_Exercise description:_
Please give the count of lines in the listing underneath that hold "Бобышка", leaving out everything else.

═══

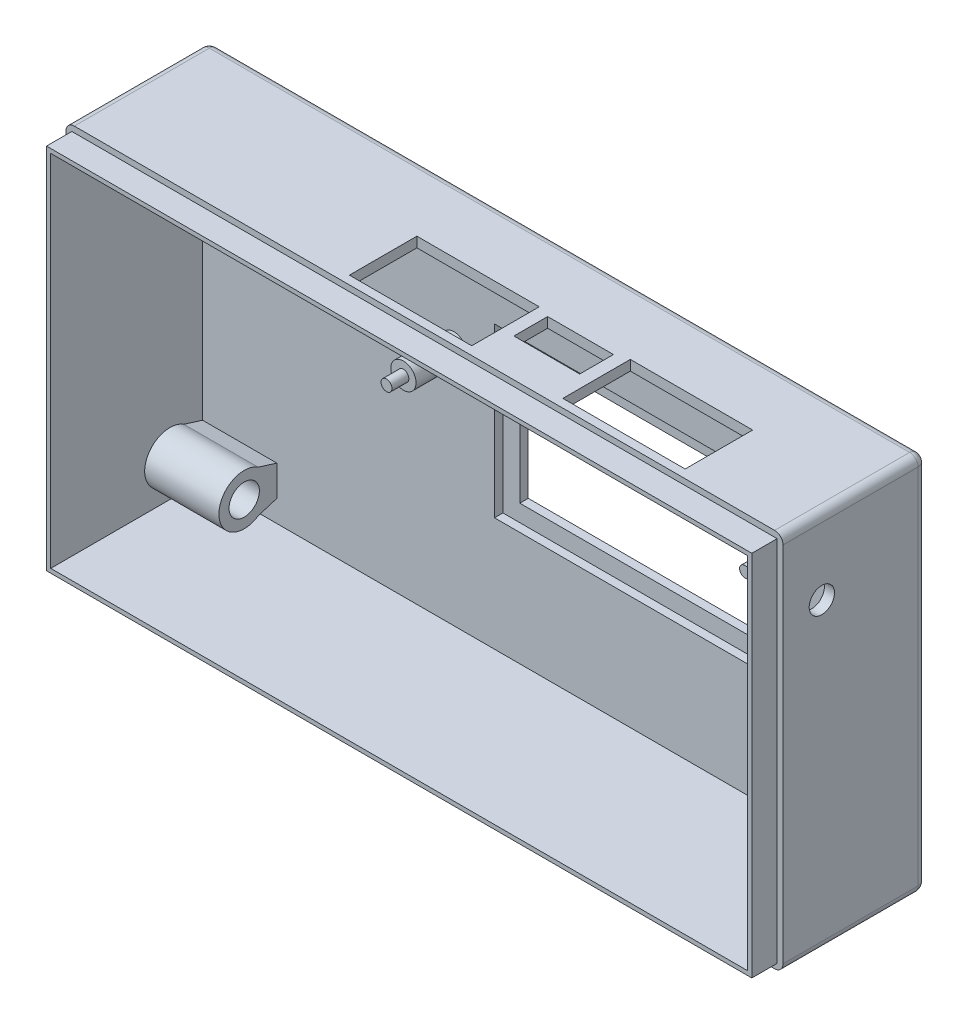
from build123d import *

# Parameters (mm, degrees)
SKETCH_1_W          = 85
SKETCH_1_H          = 45
EXTRUDE_1_DEPTH     = 20
SKETCH_2_W          = 82.6
SKETCH_2_H          = 42.6
CUT_EXTRUDE_1_DEPTH = 18
SKETCH_3_R          = 52.564832307
SKETCH_3_W          = 83.6
SKETCH_3_H          = 43.6
CUT_EXTRUDE_2_DEPTH = 3
SKETCH_4_R          = 1.5
CUT_EXTRUDE_3_DEPTH = 10
SKETCH_6_R          = 1.5
EXTRUDE_2_DEPTH     = 6
SKETCH_7_R          = 0.65
EXTRUDE_3_DEPTH     = 2
SKETCH_5_W          = 28
SKETCH_5_H          = 15.9
CUT_EXTRUDE_4_DEPTH = 99.234413522
SKETCH_9_W          = 32
SKETCH_9_H          = 19.9
CUT_EXTRUDE_5_DEPTH = 1
SKETCH_10_W         = 14.5
SKETCH_10_H         = 8
SKETCH_10_W_2       = 7.8
SKETCH_10_H_2       = 4
CUT_EXTRUDE_6_DEPTH = 10
FILLET_1_R          = 1
SKETCH_11_R         = 1.8
EXTRUDE_4_DEPTH     = 10
SKETCH_12_R         = 1.8
CUT_EXTRUDE_7_DEPTH = 90.721792225
SKETCH_13_R         = 2.425
CUT_EXTRUDE_8_DEPTH = 98.846819059


with BuildPart() as part:
    # Эскиз1 → Бобышка-Вытянуть1 (new body)
    with BuildSketch(Plane.XY):
        with Locations((42.5, 22.5)):
            Rectangle(SKETCH_1_W, SKETCH_1_H)
    extrude(amount=EXTRUDE_1_DEPTH)

    # Эскиз2 → Вырез-Вытянуть1 (cut)
    with BuildSketch(Plane.XY.offset(20)):
        with Locations((42.5, 22.5)):
            Rectangle(SKETCH_2_W, SKETCH_2_H)
    extrude(amount=-CUT_EXTRUDE_1_DEPTH, mode=Mode.SUBTRACT)

    # Эскиз3 → Вырез-Вытянуть2 (cut)
    with BuildSketch(Plane.XY.offset(20)):
        with Locations((42.5, 22.5)):
            Circle(SKETCH_3_R)
        with Locations((42.5, 22.5)):
            Rectangle(SKETCH_3_W, SKETCH_3_H, mode=Mode.SUBTRACT)
    extrude(amount=-CUT_EXTRUDE_2_DEPTH, mode=Mode.SUBTRACT)

    # Эскиз4 → Вырез-Вытянуть3 (cut)
    with BuildSketch(Plane.ZY.offset(-85)):
        with Locations(Location((12.4, 36.05, 0), (0, 0, 180))):
            Circle(SKETCH_4_R)
    extrude(amount=CUT_EXTRUDE_3_DEPTH, mode=Mode.SUBTRACT)

    # Эскиз6 → Бобышка-Вытянуть2 (add)
    with BuildSketch(Plane.XY.offset(2)):
        with Locations((31, 29.89)):
            Circle(SKETCH_6_R)
        with Locations((73.5, 32)):
            Circle(SKETCH_6_R)
    extrude(amount=EXTRUDE_2_DEPTH)

    # Эскиз7 → Бобышка-Вытянуть3 (add)
    with BuildSketch(Plane.XY.offset(8)):
        with Locations((31, 29.89)):
            Circle(SKETCH_7_R)
        with Locations((73.5, 32)):
            Circle(SKETCH_7_R)
    extrude(amount=EXTRUDE_3_DEPTH)

    # Эскиз5 → Вырез-Вытянуть4 (cut, through all)
    with BuildSketch(Plane(origin=(0, 0, 0), x_dir=(-1, 0, 0), z_dir=(0, 0, -1))):
        with Locations((-51.8, 24.64)):
            Rectangle(SKETCH_5_W, SKETCH_5_H)
    extrude(amount=-CUT_EXTRUDE_4_DEPTH, mode=Mode.SUBTRACT)

    # Эскиз9 → Вырез-Вытянуть5 (cut)
    with BuildSketch(Plane.XY.offset(2)):
        with Locations((51.8, 24.64)):
            Rectangle(SKETCH_9_W, SKETCH_9_H)
    extrude(amount=-CUT_EXTRUDE_5_DEPTH, mode=Mode.SUBTRACT)

    # Эскиз10 → Вырез-Вытянуть6 (cut)
    with BuildSketch(Plane.XZ.offset(-45)):
        with Locations((39.85, 12)):
            Rectangle(SKETCH_10_W, SKETCH_10_H)
        with Locations((65.15, 12)):
            Rectangle(SKETCH_10_W, SKETCH_10_H)
        with Locations((52.5, 10.5)):
            Rectangle(SKETCH_10_W_2, SKETCH_10_H_2)
    extrude(amount=CUT_EXTRUDE_6_DEPTH, mode=Mode.SUBTRACT)

    # Скругление1
    fillet_1_edges = [part.edges().sort_by_distance(p)[0] for p in [
        (0, 45, 8.5),
        (85, 45, 8.5),
        (85, 0, 8.5),
        (0, 0, 8.5),
        (42.5, 45, 0),
        (85, 22.5, 0),
        (42.5, 0, 0),
        (0, 22.5, 0),
    ]]
    fillet(fillet_1_edges, radius=FILLET_1_R)

    # Эскиз11 → Бобышка-Вытянуть4 (add)
    with BuildSketch(Plane.ZY):
        with BuildLine():
            Line((1, 7.094213846), (1, 4.094213846))
            Line((1, 4.094213846), (4.208818791, 3.094213846))
            ThreePointArc((4.208818791, 3.094213846), (8.867131186, 5.594213846), (4.208818791, 8.094213846))
            Line((4.208818791, 8.094213846), (1, 7.094213846))
        make_face()
        with Locations((5.867131186, 5.594213846)):
            Circle(SKETCH_11_R, mode=Mode.SUBTRACT)
    extrude(amount=-EXTRUDE_4_DEPTH)

    # Эскиз12 → Вырез-Вытянуть7 (cut, through all)
    with BuildSketch(Plane(origin=(10, 0, 0), x_dir=(0, 0, -1), z_dir=(1, 0, 0))):
        with Locations(Location((-5.867131186, 5.594213846, 0), (0, 0, 180))):
            Circle(SKETCH_12_R)
    extrude(amount=-CUT_EXTRUDE_7_DEPTH, mode=Mode.SUBTRACT)

    # Эскиз13 → Вырез-Вытянуть8 (cut, through all)
    with BuildSketch(Plane.XY.offset(2)):
        with Locations((7, 37.89)):
            Circle(SKETCH_13_R)
    extrude(amount=-CUT_EXTRUDE_8_DEPTH, mode=Mode.SUBTRACT)


solid = part.part
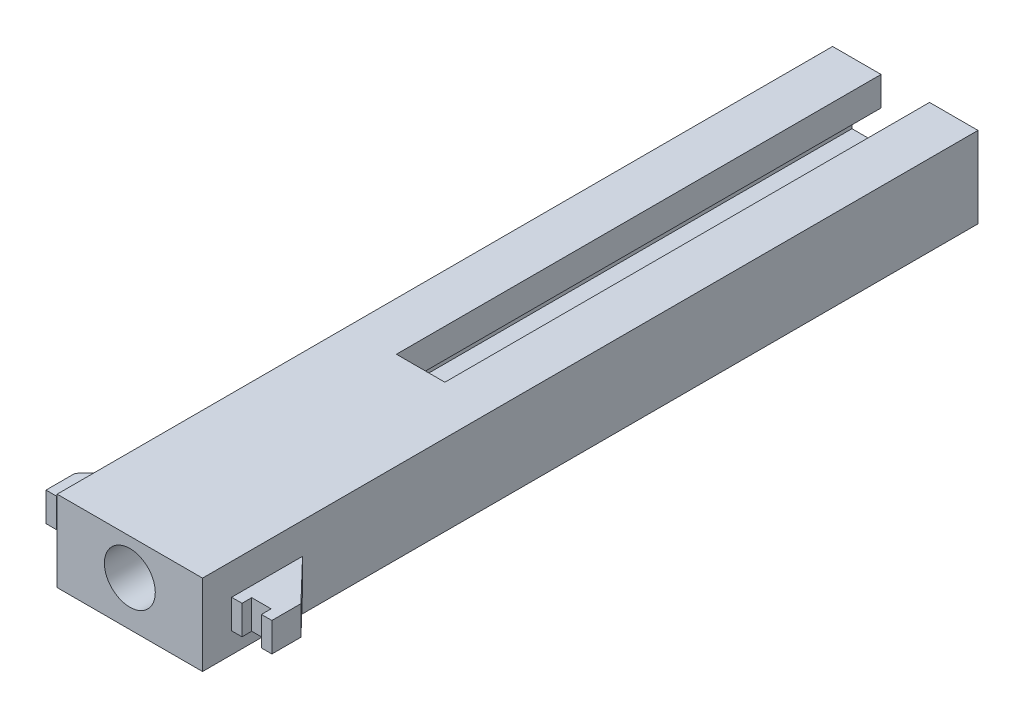
from build123d import *

# Parameters (mm, degrees)
SKETCH9_W           = 15
SKETCH9_H           = 8.35
BOSS_EXTRUDE4_DEPTH = 80
CUT_EXTRUDE4_DEPTH  = 50
SKETCH10_R          = 2.625
CUT_EXTRUDE5_DEPTH  = 30
SKETCH12_W          = 3
SKETCH12_H          = 3
BOSS_EXTRUDE5_DEPTH = 4.15
SKETCH13_W          = 2
SKETCH13_H          = 3
CUT_EXTRUDE6_DEPTH  = 1
BOSS_EXTRUDE6_DEPTH = 3


with BuildPart() as part:
    # Sketch9 → Boss-Extrude4 (new body)
    with BuildSketch(Plane.XY):
        with Locations((0, 4.175)):
            Rectangle(SKETCH9_W, SKETCH9_H)
    extrude(amount=BOSS_EXTRUDE4_DEPTH)

    # Sketch7 → Cut-Extrude4 (cut)
    with BuildSketch(Plane.XY):
        Polygon((-5.5, 2), (-5.5, 5.35), (-2.5, 5.35), (-2.5, 8.35), (2.5, 8.35), (2.5, 5.35), (5.5, 5.35), (5.5, 2), align=None)
    extrude(amount=CUT_EXTRUDE4_DEPTH, mode=Mode.SUBTRACT)

    # Sketch10 → Cut-Extrude5 (cut)
    with BuildSketch(Plane.XY.offset(80)):
        with Locations((0, 4.625)):
            Circle(SKETCH10_R)
    extrude(amount=-CUT_EXTRUDE5_DEPTH, mode=Mode.SUBTRACT)

    # Sketch12 → Boss-Extrude5 (add)
    with BuildSketch(Plane(origin=(7.5, 0, 0), x_dir=(0, 0, -1), z_dir=(1, 0, 0))):
        with Locations((-75.5, 3.64)):
            Rectangle(SKETCH12_W, SKETCH12_H)
    boss_extrude5 = extrude(amount=BOSS_EXTRUDE5_DEPTH)

    # Sketch13 → Cut-Extrude6 (cut)
    with BuildSketch(Plane.XY.offset(77)):
        with Locations((9.575, 3.64)):
            Rectangle(SKETCH13_W, SKETCH13_H)
    cut_extrude6 = extrude(amount=-CUT_EXTRUDE6_DEPTH, mode=Mode.SUBTRACT)

    # Mirror2: Boss-Extrude5 across plane
    add(boss_extrude5.mirror(Plane(origin=(0, 0, 0), x_dir=(0, 0, 1), z_dir=(1, 0, 0))))

    # Mirror4: Cut-Extrude6 across plane
    add(cut_extrude6.mirror(Plane(origin=(0, 0, 0), x_dir=(0, 0, 1), z_dir=(1, 0, 0))), mode=Mode.SUBTRACT)

    # Sketch14 → Boss-Extrude6 (add)
    with BuildSketch(Plane(origin=(0, 5.14, 0), x_dir=(1, 0, 0), z_dir=(0, 1, 0))):
        Polygon((11.65, -74), (7.5, -69.685450349), (7.5, -74), align=None)
    boss_extrude6 = extrude(amount=-BOSS_EXTRUDE6_DEPTH)

    # Mirror5: Boss-Extrude6 across plane
    add(boss_extrude6.mirror(Plane(origin=(0, 0, 0), x_dir=(0, 0, 1), z_dir=(1, 0, 0))))


solid = part.part

═══

_Reply:_
4